Definitions and Me
What is CMT? First of all I'll give you wikipedia's quick definition of it:
"Charcot-Marie-Tooth disease, also known as Hereditary Motor and Sensory Neuropathy (HMSN) or Peroneal Muscular Atrophy, is a heterogeneous inherited disorder of nerves (neuropathy) that is characterized by loss of muscle tissue and touch sensation, predominantly in the feet and legs but also in the hands and arms in the advanced stages of disease. Though presently incurable, this disease is one of the most common inherited neurological disorders, with 36 in 100,000 affected."
There are many different types of CMT: 1A, 1B, 1C, 1D, 2A... etc etc. They are all different, but as far as I can tell, have similar effects. I have CMT1A, so I know the most about that type (it is also the most common, affecting approximately 80% of CMT patients) and will be speaking from my perspective.
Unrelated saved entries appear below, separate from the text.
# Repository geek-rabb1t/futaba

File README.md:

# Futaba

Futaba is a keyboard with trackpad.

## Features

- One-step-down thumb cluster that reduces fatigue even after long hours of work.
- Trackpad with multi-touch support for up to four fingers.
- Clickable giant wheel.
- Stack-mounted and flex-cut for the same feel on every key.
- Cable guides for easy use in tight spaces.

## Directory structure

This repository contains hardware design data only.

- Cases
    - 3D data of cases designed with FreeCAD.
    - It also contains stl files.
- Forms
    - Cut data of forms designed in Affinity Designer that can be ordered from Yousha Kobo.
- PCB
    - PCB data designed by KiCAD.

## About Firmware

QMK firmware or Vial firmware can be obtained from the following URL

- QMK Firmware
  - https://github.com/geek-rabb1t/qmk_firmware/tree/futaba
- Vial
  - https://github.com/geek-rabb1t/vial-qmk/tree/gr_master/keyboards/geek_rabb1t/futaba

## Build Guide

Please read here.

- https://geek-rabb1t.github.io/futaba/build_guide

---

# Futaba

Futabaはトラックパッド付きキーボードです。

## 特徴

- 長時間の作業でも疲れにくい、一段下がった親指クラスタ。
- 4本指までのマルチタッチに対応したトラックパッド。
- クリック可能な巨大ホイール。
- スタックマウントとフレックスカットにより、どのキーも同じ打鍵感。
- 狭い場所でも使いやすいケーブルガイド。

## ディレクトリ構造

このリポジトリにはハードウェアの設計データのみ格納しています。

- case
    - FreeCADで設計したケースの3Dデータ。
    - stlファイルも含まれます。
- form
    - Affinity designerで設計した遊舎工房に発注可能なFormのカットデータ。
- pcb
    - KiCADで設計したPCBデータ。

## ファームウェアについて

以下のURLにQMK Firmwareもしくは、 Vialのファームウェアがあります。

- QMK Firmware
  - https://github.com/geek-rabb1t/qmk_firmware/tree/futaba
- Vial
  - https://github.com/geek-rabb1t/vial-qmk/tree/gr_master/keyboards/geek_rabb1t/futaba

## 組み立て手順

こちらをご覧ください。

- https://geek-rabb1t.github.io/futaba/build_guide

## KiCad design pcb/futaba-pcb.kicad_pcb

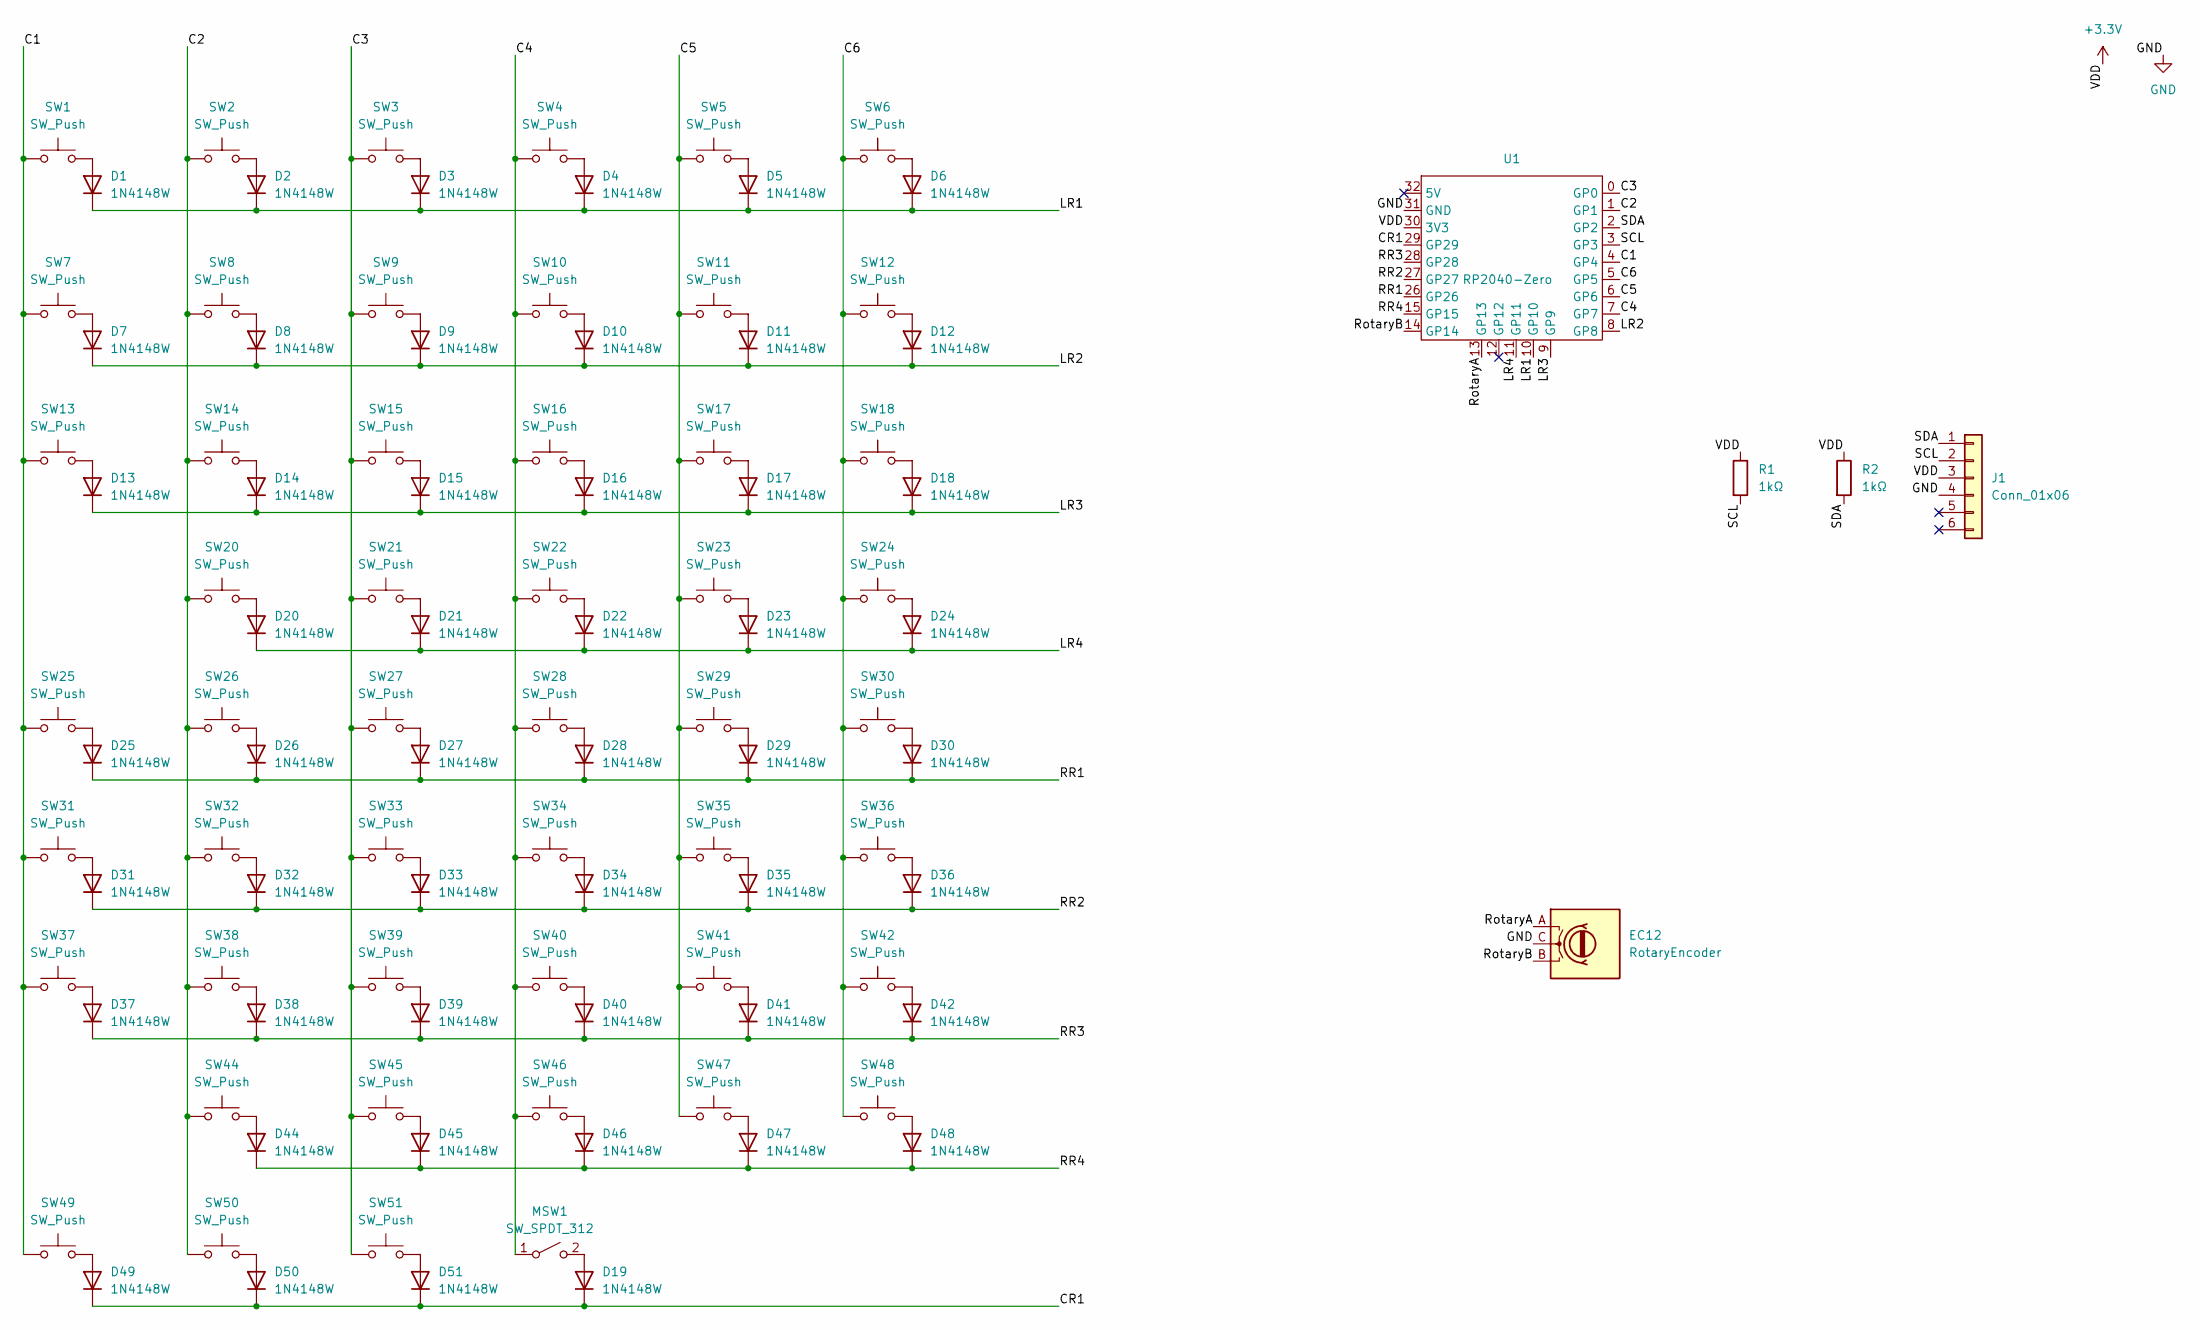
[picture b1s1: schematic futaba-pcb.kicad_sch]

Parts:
D1, D2, D3, D4, D5, D6, D7, D8, D9, D10, D11, D12, D13, D14, D15, D16, D17, D18, D19, D20, D21, D22, D23, D24, D25, D26, D27, D28, D29, D30, D31, D32, D33, D34, D35, D36, D37, D38, D39, D40, D41, D42, D44, D45, D46, D47, D48, D49, D50, D51: 1N4148W; D_SOD-123
EC12: RotaryEncoder; RotaryEncoder_Alps_EC12E_Vertical_H20mm
J1: Conn_01x06; Jushuo_AFC07-S06FCA-00_1x6-1MP_P0.50_Horizontal-JLC; LCSC Part # C11048
MSW1: SW_SPDT_312; MicroSwitch; Part Name D2F-01FL2-A
R1, R2: 1kΩ; R_0603_1608Metric
SW1, SW2, SW3, SW4, SW5, SW6, SW25, SW26, SW27, SW28, SW29, SW30, SW49, SW50, SW51: SW_Push; Choc_Socket-flex-drill_top
SW7, SW8, SW9, SW10, SW11, SW12, SW13, SW14, SW15, SW16, SW17, SW18, SW31, SW32, SW33, SW34, SW35, SW36, SW37, SW38, SW39, SW40, SW41: SW_Push; Choc_Socket-flex-drill
SW20, SW21, SW42, SW44, SW45: SW_Push; Choc_Socket-flex-drill_bottom
SW22, SW23, SW24, SW46, SW47, SW48: SW_Push; Choc_Socket-flex-drill_mid
U1: RP2040-Zero

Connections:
+3.3V: J1.3, R1.1, R2.1, U1.30 (3V3)
/C1: SW1.1, SW7.1, SW13.1, SW25.1, SW31.1, SW37.1, SW49.1, U1.4 (GP4)
/C2: SW2.1, SW8.1, SW14.1, SW20.1, SW26.1, SW32.1, SW38.1, SW44.1, SW50.1, U1.1 (GP1)
/C3: SW3.1, SW9.1, SW15.1, SW21.1, SW27.1, SW33.1, SW39.1, SW45.1, SW51.1, U1.0 (GP0)
/C4: MSW1.1 (A), SW4.1, SW10.1, SW16.1, SW22.1, SW28.1, SW34.1, SW40.1, SW46.1, U1.7 (GP7)
/C5: SW5.1, SW11.1, SW17.1, SW23.1, SW29.1, SW35.1, SW41.1, SW47.1, U1.6 (GP6)
/C6: SW6.1, SW12.1, SW18.1, SW24.1, SW30.1, SW36.1, SW42.1, SW48.1, U1.5 (GP5)
/CR1: D19.1 (K), D49.1 (K), D50.1 (K), D51.1 (K), U1.29 (GP29)
/LR1: D1.1 (K), D2.1 (K), D3.1 (K), D4.1 (K), D5.1 (K), D6.1 (K), U1.10 (GP10)
/LR2: D7.1 (K), D8.1 (K), D9.1 (K), D10.1 (K), D11.1 (K), D12.1 (K), U1.8 (GP8)
/LR3: D13.1 (K), D14.1 (K), D15.1 (K), D16.1 (K), D17.1 (K), D18.1 (K), U1.9 (GP9)
/LR4: D20.1 (K), D21.1 (K), D22.1 (K), D23.1 (K), D24.1 (K), U1.11 (GP11)
/RR1: D25.1 (K), D26.1 (K), D27.1 (K), D28.1 (K), D29.1 (K), D30.1 (K), U1.26 (GP26)
/RR2: D31.1 (K), D32.1 (K), D33.1 (K), D34.1 (K), D35.1 (K), D36.1 (K), U1.27 (GP27)
/RR3: D37.1 (K), D38.1 (K), D39.1 (K), D40.1 (K), D41.1 (K), D42.1 (K), U1.28 (GP28)
/RR4: D44.1 (K), D45.1 (K), D46.1 (K), D47.1 (K), D48.1 (K), U1.15 (GP15)
/RotaryA: EC12.A, U1.13 (GP13)
/RotaryB: EC12.B, U1.14 (GP14)
/SCL: J1.2, R1.2, U1.3 (GP3)
/SDA: J1.1, R2.2, U1.2 (GP2)
GND: EC12.C, J1.4, U1.31 (GND)
unnamed: D1.2 (A), SW1.2
unnamed: D2.2 (A), SW2.2
unnamed: D3.2 (A), SW3.2
unnamed: D4.2 (A), SW4.2
unnamed: D5.2 (A), SW5.2
unnamed: D6.2 (A), SW6.2
unnamed: D7.2 (A), SW7.2
unnamed: D8.2 (A), SW8.2
unnamed: D9.2 (A), SW9.2
unnamed: D10.2 (A), SW10.2
unnamed: D11.2 (A), SW11.2
unnamed: D12.2 (A), SW12.2
unnamed: D13.2 (A), SW13.2
unnamed: D14.2 (A), SW14.2
unnamed: D15.2 (A), SW15.2
unnamed: D16.2 (A), SW16.2
unnamed: D17.2 (A), SW17.2
unnamed: D18.2 (A), SW18.2
unnamed: D19.2 (A), MSW1.2 (B)
unnamed: D20.2 (A), SW20.2
unnamed: D21.2 (A), SW21.2
unnamed: D22.2 (A), SW22.2
unnamed: D23.2 (A), SW23.2
unnamed: D24.2 (A), SW24.2
unnamed: D25.2 (A), SW25.2
unnamed: D26.2 (A), SW26.2
unnamed: D27.2 (A), SW27.2
unnamed: D28.2 (A), SW28.2
unnamed: D29.2 (A), SW29.2
unnamed: D30.2 (A), SW30.2
unnamed: D31.2 (A), SW31.2
unnamed: D32.2 (A), SW32.2
unnamed: D33.2 (A), SW33.2
unnamed: D34.2 (A), SW34.2
unnamed: D35.2 (A), SW35.2
unnamed: D36.2 (A), SW36.2
unnamed: D37.2 (A), SW37.2
unnamed: D38.2 (A), SW38.2
unnamed: D39.2 (A), SW39.2
unnamed: D40.2 (A), SW40.2
unnamed: D41.2 (A), SW41.2
unnamed: D42.2 (A), SW42.2
unnamed: D44.2 (A), SW44.2
unnamed: D45.2 (A), SW45.2
unnamed: D46.2 (A), SW46.2
unnamed: D47.2 (A), SW47.2
unnamed: D48.2 (A), SW48.2
unnamed: D49.2 (A), SW49.2
unnamed: D50.2 (A), SW50.2
unnamed: D51.2 (A), SW51.2

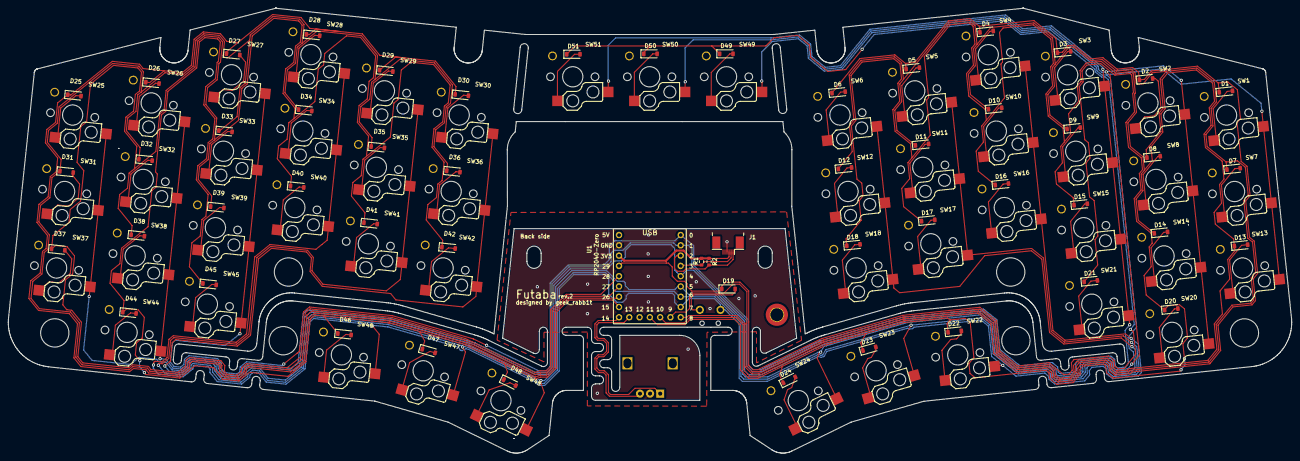
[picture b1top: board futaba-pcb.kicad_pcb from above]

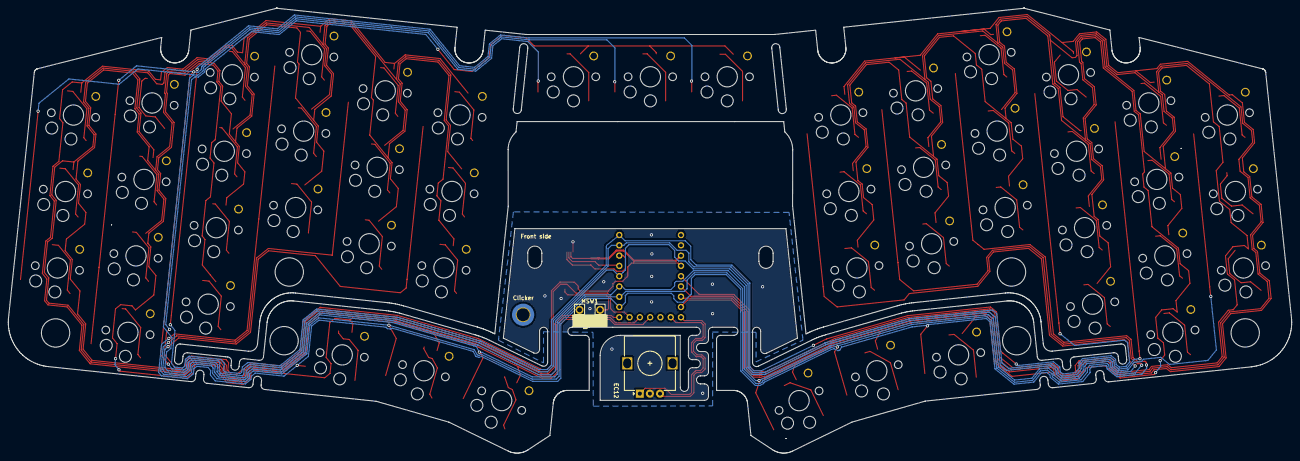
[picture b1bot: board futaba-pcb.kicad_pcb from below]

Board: 2 copper layers, 317.0 x 109.8 mm, 106 parts (2 on the bottom side), 71 nets.

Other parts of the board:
Clicker: MountingHole_3.2mm_M3_ISO14580_Pad_TopBottom

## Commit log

2023-12-19 add ignore files
2024-07-26 update 3d model
2024-07-26 add form cutting data
2024-07-26 Add kicad data
2024-08-25 Update pcb data
2024-08-25 add logo
2024-11-13 move pcb folder
2024-11-13 Update form laser cutting data
2024-11-13 Change logo data
2024-11-13 Update case data
2024-11-19 Update case data.
2024-11-19 Update form data.
2024-11-19 Update pcb outline.
2025-01-11 Remove duplicate paths
2025-01-11 Update case design
2025-03-02 add firmware binary
2025-03-02 Fix bottom of case
2025-03-16 update clicker
2025-05-31 add soldering jig
2025-06-27 Create geek_rabb1t_futaba_vial-v2-beta.uf2
    https://github.com/geek-rabb1t/vial-qmk/tree/9ec0be02f3425786703334e832c7dbf1c5a1e68f
2025-07-05 update firmware
2026-04-01 improve clicker for fdm
2026-04-01 add microswitch adapter
2026-04-01 update pcb

To clarify wikipedia's words, CMT is genetic. Example: I have it, my father has it, his mother has it, her father had it, etc. However occasionally there is a spontanious mutation in the genes and someone has CMT without having a parent who has it. (this is very rare)
I will go into more details later, but now I'll tell you a bit about me and why I'm writing this blog. Through my teenage years I have researched a lot about CMT, to try to understand it better. I only really found out I had it when I was about 13, when I started getting nerve pains in my arms. I've found that most sites that talk about it are very hard to understand, so I want this to be something that people can look to for easy to understand information. This will also be a journal for me. I'll write about things I'm trying, changes, new research, etc. I hope that eventually people will understand this disease (ugh, I don't like that word) better, and that together we can find a cure for it.
-Char
posted by Char @ 8:43 AM
2 comments
2 Comments:
I am a 72 year old female with CMT1B. I just want you to know I really appreciate this blog about CMT. Well written. I take L Carnitine, CoEnzyme Q10, Alpha Lipoic acid and Vitamin C (tho, like the author, not 1000 units or more as it made me ill also). I feel the Alpha Lipoic Acid really helped my balance and walking to some degree. I take 400 units of it.
Incidentally, I was not diagnosed until I was in my late 60s when I started falling for no reason and then walking became harder and harder and feet went numb and can't move toes, etc. But now I know why I could not run and play like most other kids when I was young.
I inherited this from my father and his father before him, but no Dr. at that time around this part of Pennsylvania. aparently knew about CMT as they never put a name to it.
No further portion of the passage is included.